YOUR TASK:
Whenever the word "ARCH" turns up in a line below, that line should be copied.

** Opening RECORDS SHOWN block **

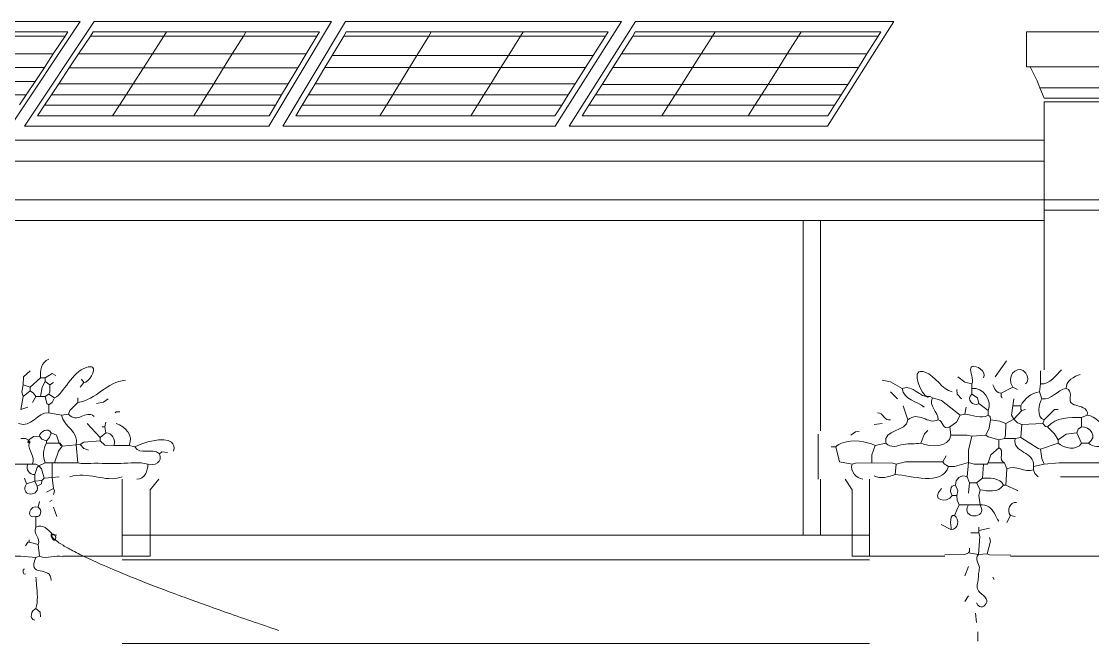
# Model space of a CAD drawing. Header units: millimetres. Extents: x 0 to 19989, y 0 to 8213.
# Drawn here: x 13022 to 16492, y 6199 to 8213 of the extents above; entities that cross this region are included whole.
import ezdxf

# ---------------------------------------------------------------- set-up
doc = ezdxf.new("R2010")
doc.units = ezdxf.units.MM
for name, color, linetype, lineweight in [('ARCH', 7, 'Continuous', 13), ('PLANTS', 94, 'Continuous', 13), ('SOLAR', 7, 'Continuous', 13)]:
    doc.layers.add(name, color=color, linetype=linetype, lineweight=lineweight)

msp = doc.modelspace()

# ---------------------------------------------------------------- linework, layer by layer
at = {"layer": 'ARCH', "color": 7, "lineweight": 13}
for p, q in [((16278.3, 8178.7), (17171.9, 8178.7)), ((16278.3, 8065.6), (16278.3, 8178.7)), ((16289.6, 8065.6), (16278.3, 8065.6)), ((16312.2, 8020.4), (16289.6, 8065.6)), ((16289.6, 8065.6), (17135.7, 8065.6)), ((16321.3, 7997.7), (16312.2, 8020.4)), ((16334.8, 7963.8), (16321.3, 7997.7)), ((16321.3, 7997.7), (17113.1, 7997.7)), ((17092.8, 7963.8), (16334.8, 7963.8)), ((16334.8, 7952.5), (17092.8, 7952.5)), ((16334.8, 7828.1), (16334.8, 7952.5)), ((12601.8, 7828.1), (16334.8, 7828.1)), ((16334.8, 7760.2), (16334.8, 7828.1)), ((12590.5, 7760.2), (16334.8, 7760.2)), ((16334.8, 7635.7), (16334.8, 7760.2)), ((12590.5, 7635.7), (16334.8, 7635.7)), ((17092.8, 7635.7), (16334.8, 7635.7)), ((16334.8, 7635.7), (16334.8, 7601.8)), ((16334.8, 7601.8), (17092.8, 7601.8)), ((16334.8, 7601.8), (16334.8, 7567.9)), ((12590.5, 7567.9), (15554.3, 7567.9)), ((15554.3, 7567.9), (15610.9, 7567.9)), ((15554.3, 7567.9), (15554.3, 6549.8)), ((15610.9, 7567.9), (16334.8, 7567.9)), ((15610.9, 7567.9), (15610.9, 6887.3)), ((16334.8, 7567.9), (16334.8, 7085.1)), ((13348.4, 6730.8), (13348.4, 6549.8)), ((13438.9, 6696.8), (13467.2, 6730.8)), ((13438.9, 6549.8), (13438.9, 6696.8)), ((15610.9, 6730.8), (15610.9, 6549.8)), ((15690, 6730.8), (15712.7, 6696.8)), ((15712.7, 6696.8), (15712.7, 6549.8)), ((15769.2, 6549.8), (15769.2, 6730.8)), ((13348.4, 6549.8), (13438.9, 6549.8)), ((13348.4, 6549.8), (13348.4, 6481.9)), ((13438.9, 6549.8), (15554.3, 6549.8)), ((13438.9, 6481.9), (13438.9, 6549.8)), ((15554.3, 6549.8), (15610.9, 6549.8)), ((15610.9, 6549.8), (15712.7, 6549.8)), ((15712.7, 6549.8), (15769.2, 6549.8)), ((15712.7, 6549.8), (15712.7, 6481.9)), ((15769.2, 6481.9), (15769.2, 6549.8)), ((13348.4, 6481.9), (13156.7, 6481.9)), ((13348.4, 6481.9), (13438.9, 6481.9)), ((13348.4, 6470.6), (15769.2, 6470.6)), ((15712.7, 6481.9), (15769.2, 6481.9)), ((16013.4, 6481.9), (15769.2, 6481.9)), ((16782.9, 6481.9), (16226.4, 6481.9)), ((13348.4, 6199.1), (15769.2, 6199.1))]:
    msp.add_line(p, q, dxfattribs=at)
at = {"layer": 'PLANTS', "color": 94, "lineweight": 13}
for points in [[(16213, 7114.6), (16176.5, 7062.6)], [(13050.5, 7081.4), (13029.1, 7062.6), (13027.9, 7036.2)], [(16323.5, 7081.4), (16323.5, 7040)], [(13084.5, 7058.8), (13050.5, 7028.7)], [(13099.5, 7058.8), (13084.5, 7058.8)], [(13099.5, 7047.5), (13089.3, 7028.7), (13084.5, 6998.5)], [(13099.5, 7058.8), (13122.2, 7073.6), (13133.5, 7066.4)], [(13099.5, 7058.8), (13099.5, 7047.5)], [(13114.6, 7036.2), (13099.5, 7047.5)], [(13125.9, 7043.7), (13114.6, 7036.2)], [(13212.7, 7028.7), (13224, 7043.7)], [(13216.4, 7055.1), (13224, 7043.7)], [(15810.7, 7051.3), (15837.1, 7046.5), (15874.8, 7024.9)], [(16055.8, 7062.6), (16078.4, 7044.9), (16101.1, 7040)], [(13027.9, 6998.5), (13024.1, 7013.6), (13027.9, 7036.2)], [(13027.9, 7036.2), (13050.5, 7028.7)], [(13027.9, 6998.5), (13050.5, 7017.3)], [(13050.5, 7017.3), (13050.5, 7028.7)], [(13050.5, 7017.3), (13061.8, 7009.8), (13069.4, 6998.5)], [(13114.6, 7036.2), (13114.5, 7013.6), (13110.9, 7006)], [(15837.1, 7013.6), (15859.7, 6991)], [(16052, 7021.1), (16053.2, 7006), (16067.1, 6991)], [(16101.1, 7024.9), (16101.1, 7040)], [(16101.1, 7024.9), (16101.1, 7006)], [(16195.3, 7009.8), (16233, 7028.7)], [(16195.3, 7009.8), (16195.3, 6998.5), (16199.1, 6994.7)], [(16233, 7028.7), (16248.1, 7021.1)], [(16323.5, 7040), (16319.8, 7013.6)], [(16327.3, 6991), (16319.8, 7013.6)], [(13020.4, 6957), (13027.9, 6998.5)], [(13058.1, 6979.6), (13069.4, 6998.5)], [(13069.4, 6998.5), (13084.5, 6998.5)], [(13099.5, 6998.5), (13084.5, 6998.5)], [(13099.5, 6998.5), (13110.9, 7006)], [(13110.9, 6972.1), (13104.5, 6976), (13099.5, 6998.5)], [(13129.7, 6994.7), (13110.9, 7006)], [(13129.7, 6994.7), (13122, 6979.6), (13110.9, 6972.1)], [(13175, 6941.9), (13178.9, 6953.2), (13205.1, 6979.6)], [(13205.1, 6979.6), (13205.1, 6994.7)], [(13265.5, 6975.9), (13288.1, 6980.8), (13303.2, 6991)], [(15965.3, 6998.5), (15972.9, 6994.7)], [(16063.3, 6938.2), (16003, 6986), (15972.9, 6994.7)], [(16123.7, 6975.9), (16118.7, 6994.6), (16101.1, 7006)], [(16123.7, 6975.9), (16153.8, 6953.2)], [(16236.8, 6991), (16233, 6968.3)], [(13020.4, 6957), (13043, 6964.6)], [(13110.9, 6972.1), (13110.9, 6945.7)], [(13152.3, 6938.2), (13110.9, 6945.7)], [(13175, 6941.9), (13152.3, 6938.2)], [(13340.9, 6949.5), (13329.6, 6949.5), (13325.8, 6945.7)], [(15893.7, 6923.1), (15878.6, 6968.3)], [(16063.3, 6938.2), (16078.4, 6941.9)], [(16082.2, 6964.6), (16078.4, 6941.9)], [(16153.8, 6953.2), (16153.8, 6938.2)], [(16236.8, 6925), (16229.4, 6938.2), (16233, 6968.3)], [(16259.4, 6968.3), (16233, 6968.3)], [(16236.8, 6925), (16263.2, 6953.2)], [(16259.4, 6968.3), (16259.4, 6957), (16263.2, 6953.2)], [(16274.5, 6957), (16263.2, 6953.2)], [(16334.8, 6923.1), (16368.8, 6956.6), (16380.1, 6957)], [(13235.3, 6911.8), (13276.8, 6866.5)], [(13291.9, 6900.5), (13295.6, 6915.5)], [(15784.3, 6908), (15810.7, 6911.8)], [(16063.3, 6938.2), (16051, 6915.7), (16029.4, 6900.5)], [(16146.3, 6874.1), (16156.6, 6896.7), (16161.4, 6923.1)], [(16161.4, 6923.1), (16160.2, 6934.2), (16153.8, 6938.2)], [(16210.4, 6911.8), (16191.6, 6919.2), (16161.4, 6923.1)], [(16206.6, 6862.7), (16210.3, 6874.1), (16210.4, 6911.8)], [(16236.8, 6925), (16210.4, 6911.8)], [(16236.8, 6925), (16248.1, 6913), (16263.2, 6908)], [(16263.2, 6908), (16259.4, 6866.5)], [(16263.2, 6908), (16331.1, 6911.8)], [(16334.8, 6923.1), (16331.1, 6911.8)], [(16346.2, 6900.5), (16338.8, 6901.7), (16331.1, 6911.8)], [(16455.5, 6930.6), (16474.4, 6938.2)], [(16455.5, 6930.6), (16455.5, 6900.5)], [(13044.9, 6857.1), (13061.8, 6869.1), (13080.7, 6870.3)], [(13103.3, 6855.2), (13088.4, 6860.2), (13080.7, 6870.3)], [(13118.4, 6881.6), (13113.4, 6866.5), (13103.3, 6855.2)], [(13118.4, 6881.6), (13136.2, 6873.9), (13144.8, 6847.7)], [(13295.6, 6881.6), (13276.8, 6866.5)], [(13291.9, 6900.5), (13284.3, 6900.5)], [(13291.9, 6900.5), (13295.6, 6881.6)], [(15603.3, 6876.6), (15603.3, 6730.8)], [(15735.3, 6885.4), (15724, 6884.2), (15708.9, 6874.1)], [(15957.8, 6889.1), (15947.5, 6877.8), (15935.1, 6847.7)], [(16029.4, 6900.5), (16033.2, 6874.1)], [(16033.2, 6874.1), (16086, 6873.9), (16101.1, 6870.3)], [(16089.7, 6785.4), (16089.9, 6825), (16101.1, 6870.3)], [(16146.3, 6874.1), (16101.1, 6870.3)], [(16146.3, 6874.1), (16153.9, 6867.7), (16187.8, 6859)], [(16346.2, 6900.5), (16368.6, 6877.8), (16380.1, 6859)], [(16440.4, 6881.6), (16406.5, 6876.8), (16380.1, 6859)], [(16455.5, 6900.5), (16445.2, 6892.8), (16440.4, 6881.6)], [(16455.5, 6847.7), (16440.4, 6881.6)], [(13020.4, 6862.7), (13035.5, 6862.5), (13044.9, 6857.1)], [(13046.8, 6847.7), (13043, 6851.4), (13044.9, 6857.1)], [(13046.8, 6847.7), (13050.5, 6851.4), (13044.9, 6857.1)], [(13044.9, 6857.1), (13046.8, 6847.7)], [(13103.3, 6855.2), (13103.3, 6847.7)], [(13144.8, 6847.7), (13103.3, 6847.7)], [(13154.2, 6838.2), (13142.2, 6821.3), (13129.7, 6783.6)], [(13148.6, 6843.9), (13148.6, 6847.7), (13144.8, 6847.7)], [(13148.6, 6843.9), (13144.8, 6847.7)], [(13148.6, 6843.9), (13152.3, 6843.9), (13154.2, 6838.2)], [(13148.6, 6843.9), (13148.6, 6840.1), (13154.2, 6838.2)], [(13154.2, 6838.2), (13199.5, 6842)], [(13212.7, 6843.9), (13199.5, 6842)], [(13199.5, 6842), (13205.1, 6783.6)], [(13212.7, 6843.9), (13224, 6851.3), (13276.8, 6855.2)], [(13212.7, 6843.9), (13224, 6830), (13239.1, 6825)], [(13276.8, 6855.2), (13276.8, 6866.5)], [(13276.8, 6855.2), (13291.9, 6841.3), (13322, 6840.1)], [(13371, 6840.1), (13322, 6840.1)], [(13371, 6840.1), (13389.9, 6836.3)], [(15644.8, 6836.3), (15659.9, 6836.3)], [(15659.9, 6836.3), (15672.2, 6787.5), (15712.7, 6779.8)], [(15776.8, 6783.6), (15776.9, 6810), (15788.1, 6840.1)], [(15822, 6847.7), (15788.1, 6840.1)], [(16206.6, 6862.7), (16187.8, 6859)], [(16187.8, 6859), (16187.8, 6832.6)], [(16206.6, 6862.7), (16240.6, 6862.7)], [(16240.6, 6862.7), (16259.4, 6866.5)], [(16259.4, 6866.5), (16316, 6830), (16323.5, 6828.8)], [(16323.5, 6828.8), (16380.1, 6847.7)], [(16380.1, 6847.7), (16380.1, 6859)], [(16478.1, 6847.7), (16455.5, 6847.7)], [(13469.1, 6813.7), (13476.6, 6819.9), (13495.5, 6817.5)], [(16006.8, 6787.3), (16018.1, 6806.2)], [(16187.8, 6832.6), (16162.4, 6810), (16153.8, 6783.6)], [(16334.8, 6779.8), (16327.4, 6798.6), (16323.5, 6828.8)], [(12944.9, 6779.8), (13043, 6779.8)], [(13058.1, 6779.8), (13043, 6779.8)], [(13078.8, 6774.1), (13069.4, 6779.6), (13058.1, 6779.8)], [(13078.8, 6774.1), (13073.2, 6768.4), (13065.6, 6745.9)], [(13078.8, 6774.1), (13099.5, 6783.6)], [(13078.8, 6774.1), (13087, 6764.8), (13095.8, 6734.5)], [(13122.2, 6783.6), (13099.5, 6783.6)], [(13122.2, 6783.6), (13129.7, 6783.6)], [(13122.2, 6783.6), (13122.2, 6736.4)], [(13205.1, 6783.6), (13129.7, 6783.6)], [(15776.8, 6783.6), (15724, 6783.4), (15712.7, 6779.8)], [(15856, 6779.8), (15844.6, 6783.4), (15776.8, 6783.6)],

** Closing RECORDS SHOWN block **

EXERCISE RESULT:
for name, color, linetype, lineweight in [('ARCH', 7, 'Continuous', 13), ('PLANTS', 94, 'Continuous', 13), ('SOLAR', 7, 'Continuous', 13)]:
at = {"layer": 'ARCH', "color": 7, "lineweight": 13}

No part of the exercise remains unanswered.